In St. Alphonsus, the district court explained that while “the Acquisition was intended by [the parties] to improve patient outcomes” and “[t]he Court believes that it would have that effect,” “there are other ways to achieve the same effect that do not run afoul of the antitrust laws and do not run such a risk of increased costs.”45  The evidence there failed to support the defendants’ theory that the hospital’s acquisition of the physician practice in question was necessary to create a core of employed physicians to make the transition to integrated care: “While employing physicians is one way to put together a unified and committed team of physicians, it is not the only way. The same efficiencies have been demonstrated with groups of independent physicians.”46  And the court went on to explain that the merger was not necessary for the creation of an efficient shared electronic records system but rather that the physician practice could obtain access to the system through a cooperative arrangement short of merger.
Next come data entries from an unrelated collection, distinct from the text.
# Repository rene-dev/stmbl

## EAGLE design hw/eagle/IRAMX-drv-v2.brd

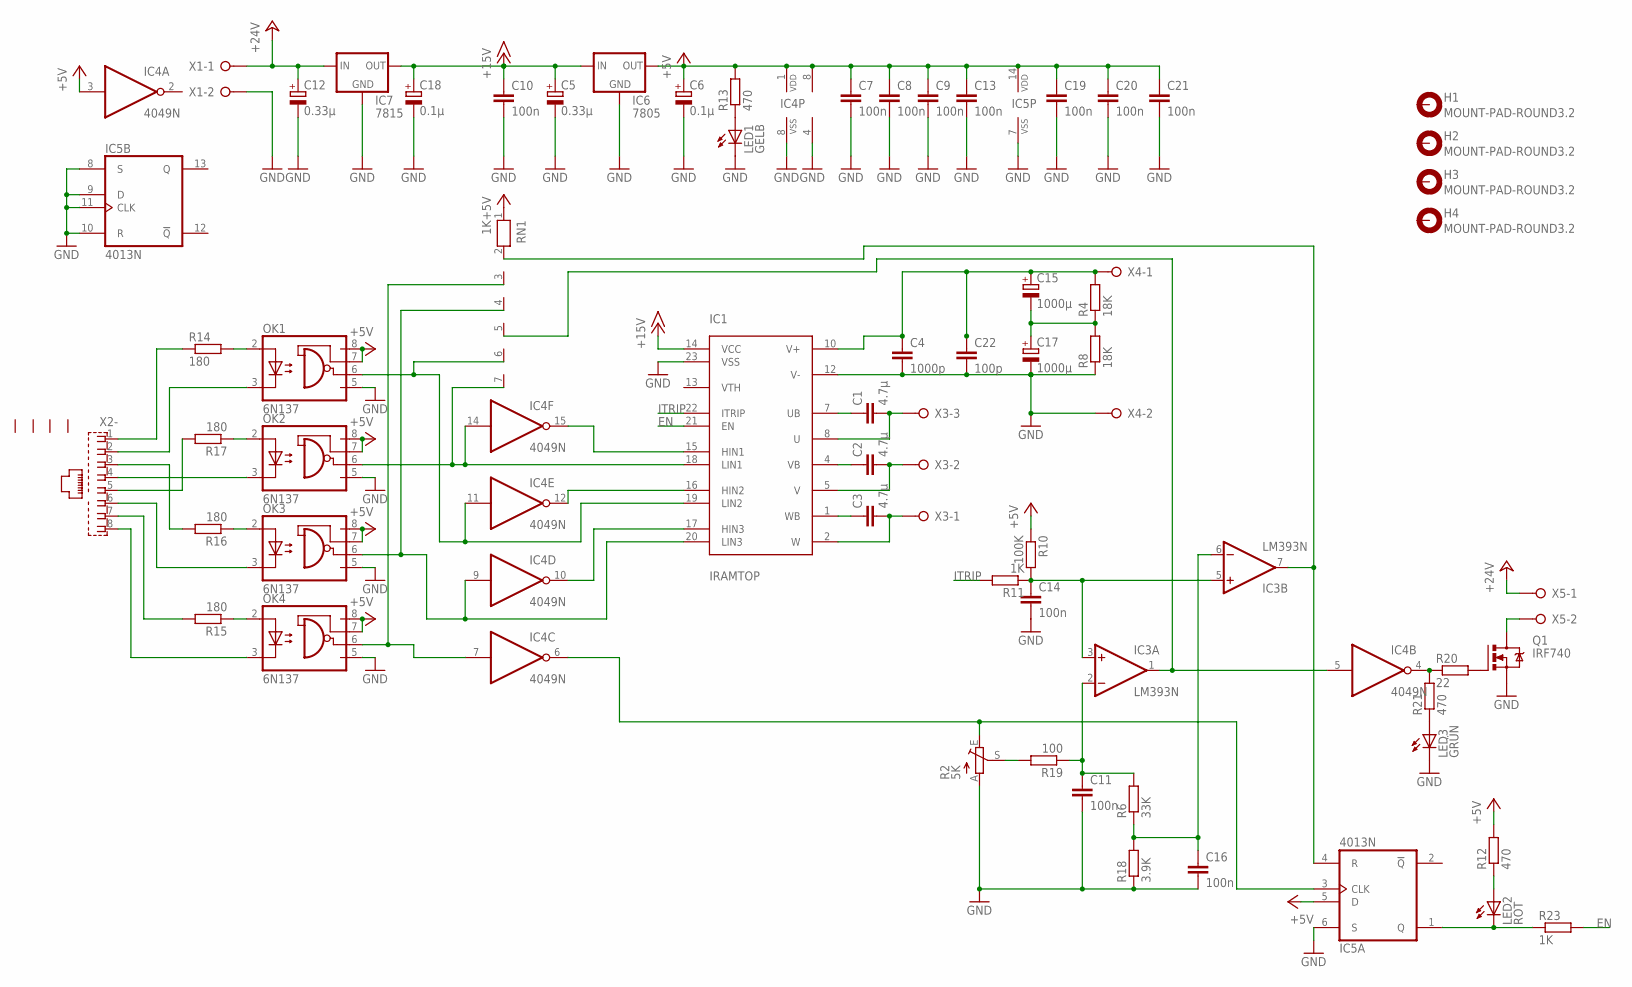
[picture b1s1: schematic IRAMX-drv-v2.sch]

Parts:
C1, C2, C3: 4.7µ; C5B7.2
C4: 1000p; C5B5
C5, C12: 0.33µ; E2,5-5
C6, C18: 0.1µ; E2,5-5
C7, C8, C9, C10, C11, C13, C14, C16, C19, C20, C21: 100n; C050-025X075
C15, C17: 1000µ; EB25D
C22: 100p; C150-054X183
H1, H2, H3, H4: MOUNT-PAD-ROUND3.2; 3,2-PAD
IC1: IRAMTOP; SIP23_TOP
IC3: LM393N; DIL08
IC4: 4049N; DIL16
IC5: 4013N; DIL14
IC6: 7805; 78XXS
IC7: 7815; 78XXS
LED1: GELB; LED5MM
LED2: ROT; LED5MM
LED3: GRÜN; LED5MM
OK1, OK2, OK3, OK4: 6N137; DIL08
Q1: IRF740; TO220BV
R2: 5K; CA6V
R4, R8: 18K; CER
R6: 33K; 0204/7
R10: 100K; 0204/7
R11, R23: 1K; 0204/7
R12, R13, R21: 470; 0204/7
R14, R15, R16, R17: 180; 0204V
R18: 3.9K; 0204/7
R19: 100; 0204/7
R20: 22; 0204/7
RN1: 1K; RN-7
X1, X4, X5: W237-02P; W237-132
X2: RJ45
X3: W237-03P; W237-133

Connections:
+5V: C6.+, C7.1, C8.1, C9.1, C13.1, C19.1, C20.1, C21.1, IC3.8 (V+), IC4.1 (VDD), IC4.3 (I), IC5.5 (D), IC5.14 (VDD), IC6.OUT, OK1.7 (VE), OK1.8 (VCC), OK2.7 (VE), OK2.8 (VCC), OK3.7 (VE), OK3.8 (VCC), OK4.7 (VE), OK4.8 (VCC), R10.1, R12.2, R13.2, RN1.1
+15V: C5.+, C10.1, C18.+, IC1.14 (VCC), IC6.IN, IC7.OUT
+24V: C12.+, IC7.IN, X1.1, X5.1
EN: IC1.21 (EN), R23.2
GND: C4.2, C5.-, C6.-, C7.2, C8.2, C9.2, C10.2, C11.2, C12.-, C13.2, C14.2, C16.2, C17.-, C18.-, C19.2, C20.2, C21.2, C22.2, IC1.12 (V-), IC1.23 (VSS), IC3.4 (V-), IC4.8 (VSS), IC5.6 (S), IC5.7 (VSS), IC5.8 (S), IC5.9 (D), IC5.10 (R), IC5.11 (CLK), IC6.GND, IC7.GND, LED1.K (C), LED3.K (C), OK1.5 (GND), OK2.5 (GND), OK3.5 (GND), OK4.5 (GND), Q1.S, R2.A, R8.P$1 (1), R18.1, X1.2, X4.2
ITRIP: IC1.22 (ITRIP), R11.2
unnamed: C1.1, IC1.7 (UB)
unnamed: C1.2, IC1.8 (U), X3.3
unnamed: C2.1, IC1.4 (VB)
unnamed: C2.2, IC1.5 (V), X3.2
unnamed: C3.1, IC1.1 (WB)
unnamed: C3.2, IC1.2 (W), X3.1
unnamed: LED2.A, R12.1
unnamed: C14.1, IC3.3 (+IN), IC3.5 (+IN), R10.2, R11.1
unnamed: LED3.A, R21.1
unnamed: IC3.1 (OUT), IC4.5 (I), RN1.5
unnamed: C15.-, C17.+, R4.P$1 (1), R8.P$2 (2)
unnamed: IC1.15 (HIN1), IC4.15 (O)
unnamed: IC1.16 (HIN2), IC4.12 (O)
unnamed: IC4.6 (O), IC5.3 (CLK), R2.E
unnamed: IC1.17 (HIN3), IC4.10 (O)
unnamed: OK3.3 (C), X2.6
unnamed: R16.2, X2.3
unnamed: OK4.3 (C), X2.8
unnamed: OK2.3 (C), X2.4
unnamed: OK1.3 (C), X2.2
unnamed: OK1.2 (A), R14.2
unnamed: R17.2, X2.5
unnamed: R15.2, X2.7
unnamed: IC1.18 (LIN1), IC4.14 (I), OK2.6 (VO), RN1.7
unnamed: R2.S, R19.2
unnamed: Q1.D, X5.2
unnamed: C11.1, IC3.2 (-IN), R6.2, R19.1
unnamed: IC5.1 (Q), LED2.K (C), R23.1
unnamed: IC4.7 (I), OK4.6 (VO), RN1.3
unnamed: R14.1, X2.1
unnamed: OK4.2 (A), R15.1
unnamed: OK3.2 (A), R16.1
unnamed: OK2.2 (A), R17.1
unnamed: IC1.19 (LIN2), IC4.11 (I), OK1.6 (VO), RN1.6
unnamed: C16.1, IC3.6 (-IN), R6.1, R18.2
unnamed: C4.1, C15.+, C22.1, IC1.10 (V+), R4.P$2 (2), X4.1
unnamed: IC1.20 (LIN3), IC4.9 (I), OK3.6 (VO), RN1.4
unnamed: IC4.4 (O), R20.1, R21.2
unnamed: Q1.G, R20.2
unnamed: IC3.7 (OUT), IC5.4 (R), RN1.2
unnamed: LED1.A, R13.1

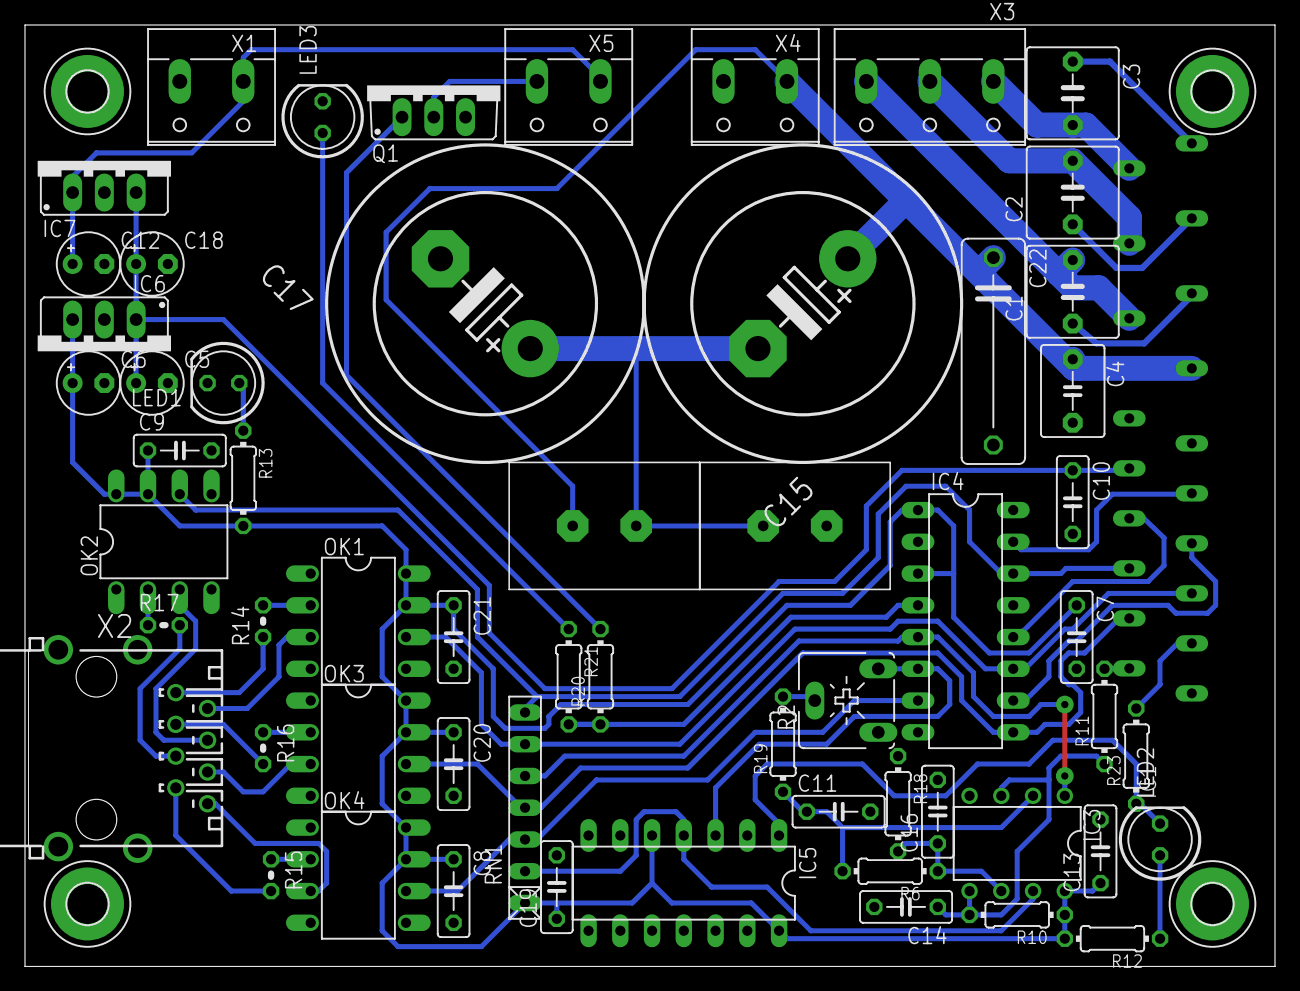
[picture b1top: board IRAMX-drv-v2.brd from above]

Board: 2 copper layers, 100.0 x 75.3 mm, 63 parts (0 on the bottom side), 47 nets.

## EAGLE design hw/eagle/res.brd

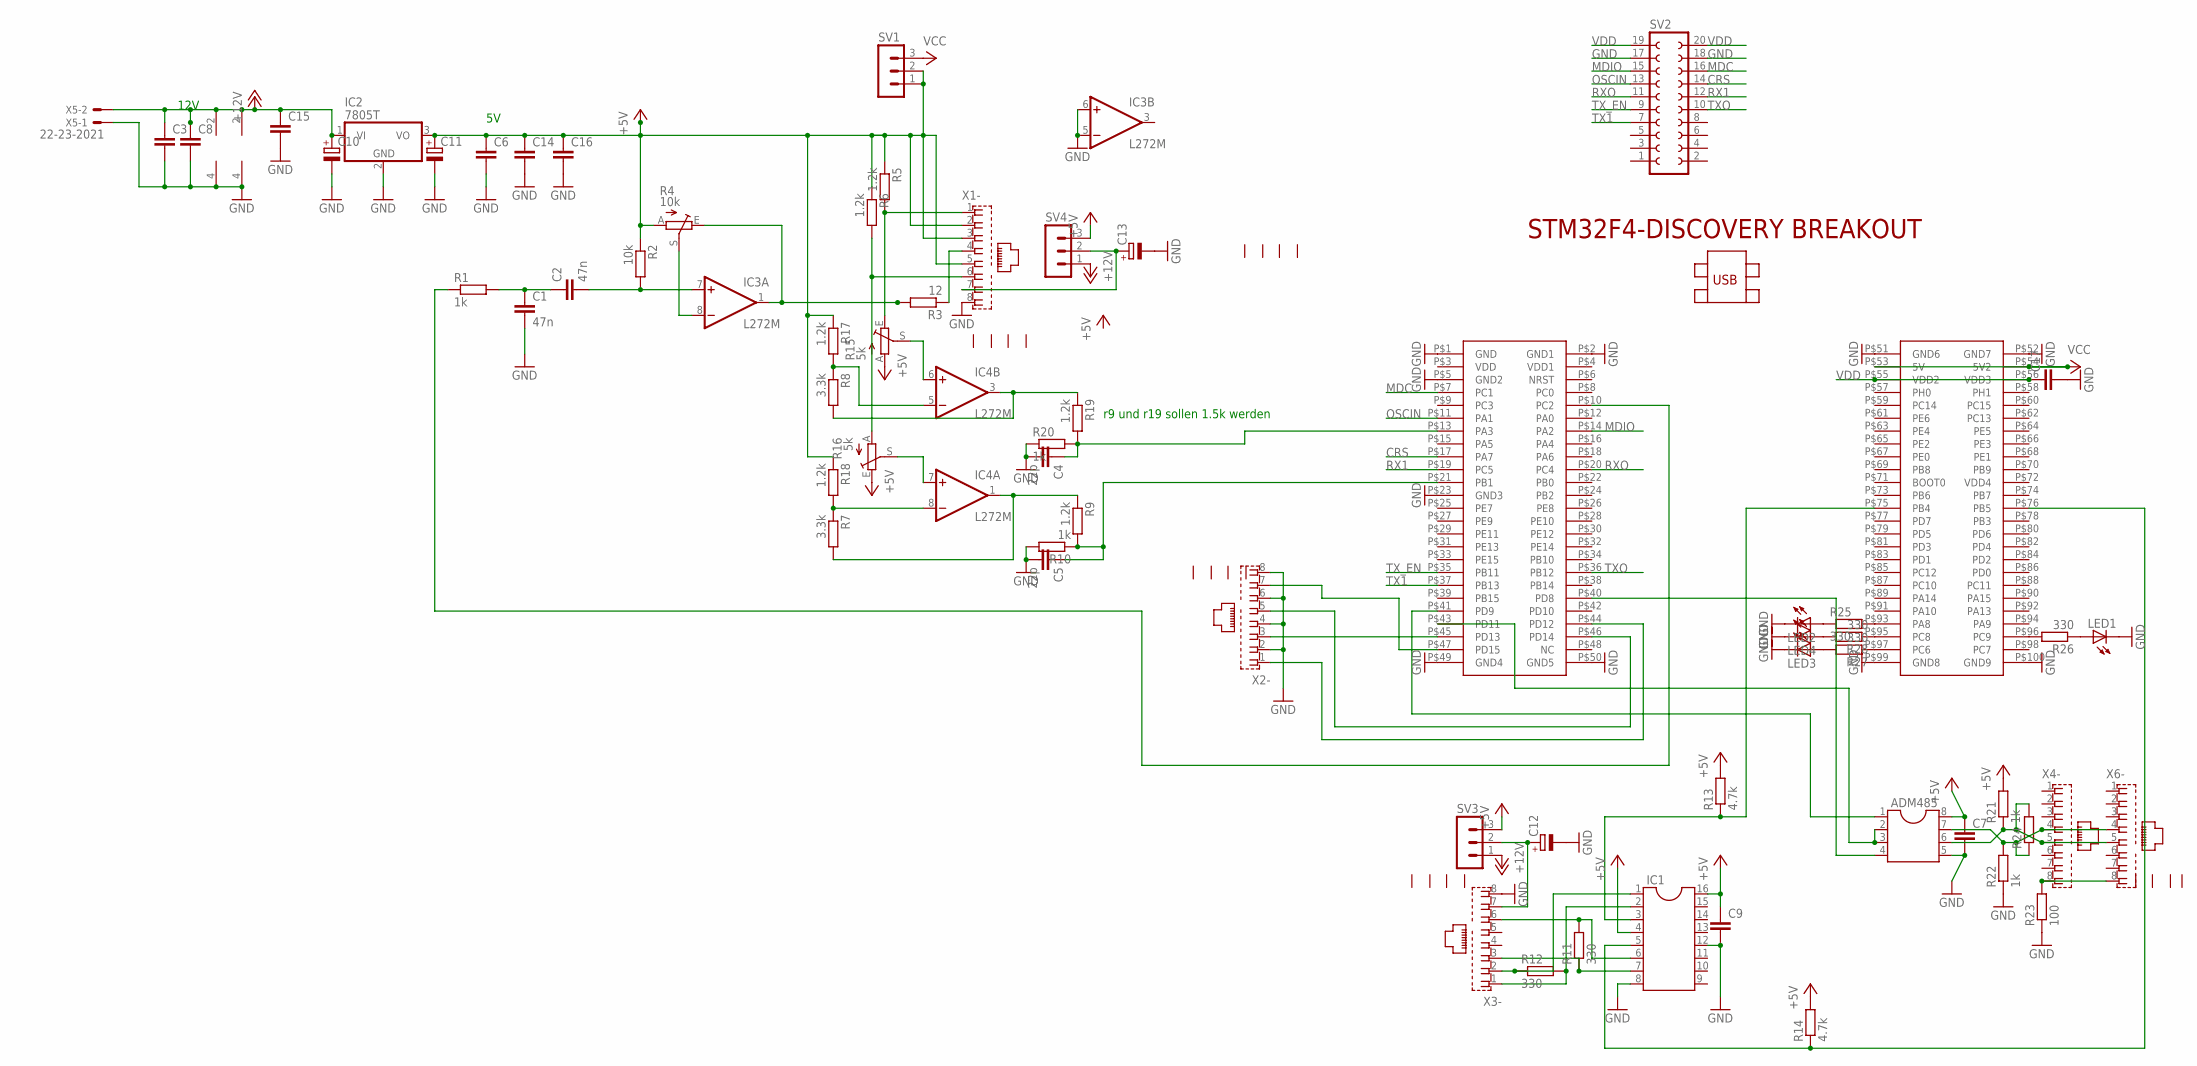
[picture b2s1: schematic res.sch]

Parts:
ADM485: DIL8; DIL08
C1, C2: 47n; C050-025X075
C3, C6, C7, C8, C9, C14, C15, C16, C17: C-EU050-025X075; C050-025X075
C4, C5: 22p; C050-025X075
C10, C11, C12, C13: CPOL-EUE2.5-5; E2,5-5
IC1: DIL16
IC2: 7805T; TO220H
IC3, IC4: L272M; DIL08
LED1, LED2, LED3, LED4: LED3MM
R1, R10, R20, R21, R22: 1k; 0204/7
R2: 10k; 0204/7
R3: 12; 0204/7
R4: 10k; CA6V
R5, R6, R9, R17, R18, R19: 1.2k; 0204/7
R7, R8: 3.3k; 0204/7
R11, R12, R25, R26, R27, R28: 330; 0204/7
R13, R14: 4.7k; 0204/7
R15, R16: 5k; CA6V
R23: 100; 0204/7
R24: R-EU_0204/7; 0204/7
SV1, SV3, SV4: MA03-1
SV2: FE10-2W
U$1: STM32F4-DISCOVERY
X1, X2, X3, X4, X6: RJ45
X5: 22-23-2021

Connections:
+5V: ADM485.8, C6.1, C7.1, C9.1, C11.+, C14.1, C16.1, IC1.4, IC1.16, IC2.3 (VO), R2.1, R4.A, R5.1, R6.1, R13.2, R14.2, R15.A, R16.E, R17.1, R18.1, R21.2, SV1.1, SV1.2, SV3.3, SV4.3, X1.2, X1.3, X1.5
+12V: C3.1, C8.1, C10.+, C15.1, IC2.1 (VI), IC3.2 (V+), IC4.2 (V+), SV3.1, SV4.1, X5.2
CRS: SV2.14, U$1.P$17 (PA7)
GND: ADM485.5, C1.2, C3.2, C4.2, C5.2, C6.2, C7.2, C8.2, C9.2, C10.-, C11.-, C12.-, C13.-, C14.2, C15.2, C16.2, C17.2, IC1.8, IC1.12, IC2.2 (GND), IC3.4 (GND), IC3.5 (-IN), IC3.6 (+IN), IC4.4 (GND), LED1.K (C), LED2.K (C), LED3.K (C), LED4.K (C), R10.2, R20.1, R22.1, R23.1, SV2.17, SV2.18, U$1.P$1 (GND), U$1.P$2 (GND1), U$1.P$5 (GND2), U$1.P$23 (GND3), U$1.P$49 (GND4), U$1.P$50 (GND5), U$1.P$51 (GND6), U$1.P$52 (GND7), U$1.P$99 (GND8), U$1.P$100 (GND9), X1.8, X2.2, X2.4, X2.6, X2.8, X3.8, X5.1
MDC: SV2.16, U$1.P$7 (PC1)
MDIO: SV2.15, U$1.P$14 (PA2)
unnamed: IC3.8 (-IN), R4.S
unnamed: IC3.1 (OUT), R3.2, R4.E
unnamed: C2.2, IC3.7 (+IN), R2.2
unnamed: R1.1, U$1.P$10 (PC2)
unnamed: C1.1, C2.1, R1.2
unnamed: R3.1, X1.4
unnamed: R6.2, R16.A, X1.6
unnamed: R5.2, R15.E, X1.1
unnamed: IC4.5 (-IN), R8.1, R17.2
unnamed: IC4.8 (-IN), R7.1, R18.2
unnamed: IC4.3 (OUT), R8.2, R19.1
unnamed: IC4.1 (OUT), R7.2, R9.1
unnamed: U$1.P$47 (PD15), X2.7
unnamed: C12.+, SV3.2, X3.7
unnamed: U$1.P$44 (PD12), X2.1
unnamed: IC1.6, R11.2, X3.6
unnamed: U$1.P$46 (PD14), X2.5
unnamed: U$1.P$45 (PD13), X2.3
unnamed: C4.1, R19.2, R20.2, U$1.P$13 (PA3)
unnamed: IC4.6 (+IN), R15.S
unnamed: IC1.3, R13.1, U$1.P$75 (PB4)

In other words, these claimed efficiencies were not merger specific.47

As a matter of both business-organization theory and logic, it would seem that efficiencies would be greater, as would the probability of achieving them, from a merger than from a looser form of affiliation, such as a joint venture or contractual arrangement. There was, however, contrary evidence from an expert in the St. Alphonsus case, and whether the marginal benefit from merger over another type of arrangement would be significant is questionable.

The bottom line: There is no inherent tension between the ACA and the antitrust laws justifying otherwise anticompetitive mergers. Parties claiming efficiencies based incentives or mandates of the Affordable Care Act must show that comparable benefits cannot be achieved by arrangements short of a full merger. The defense, if any, is an “efficiencies defense,” not an “ACA defense.”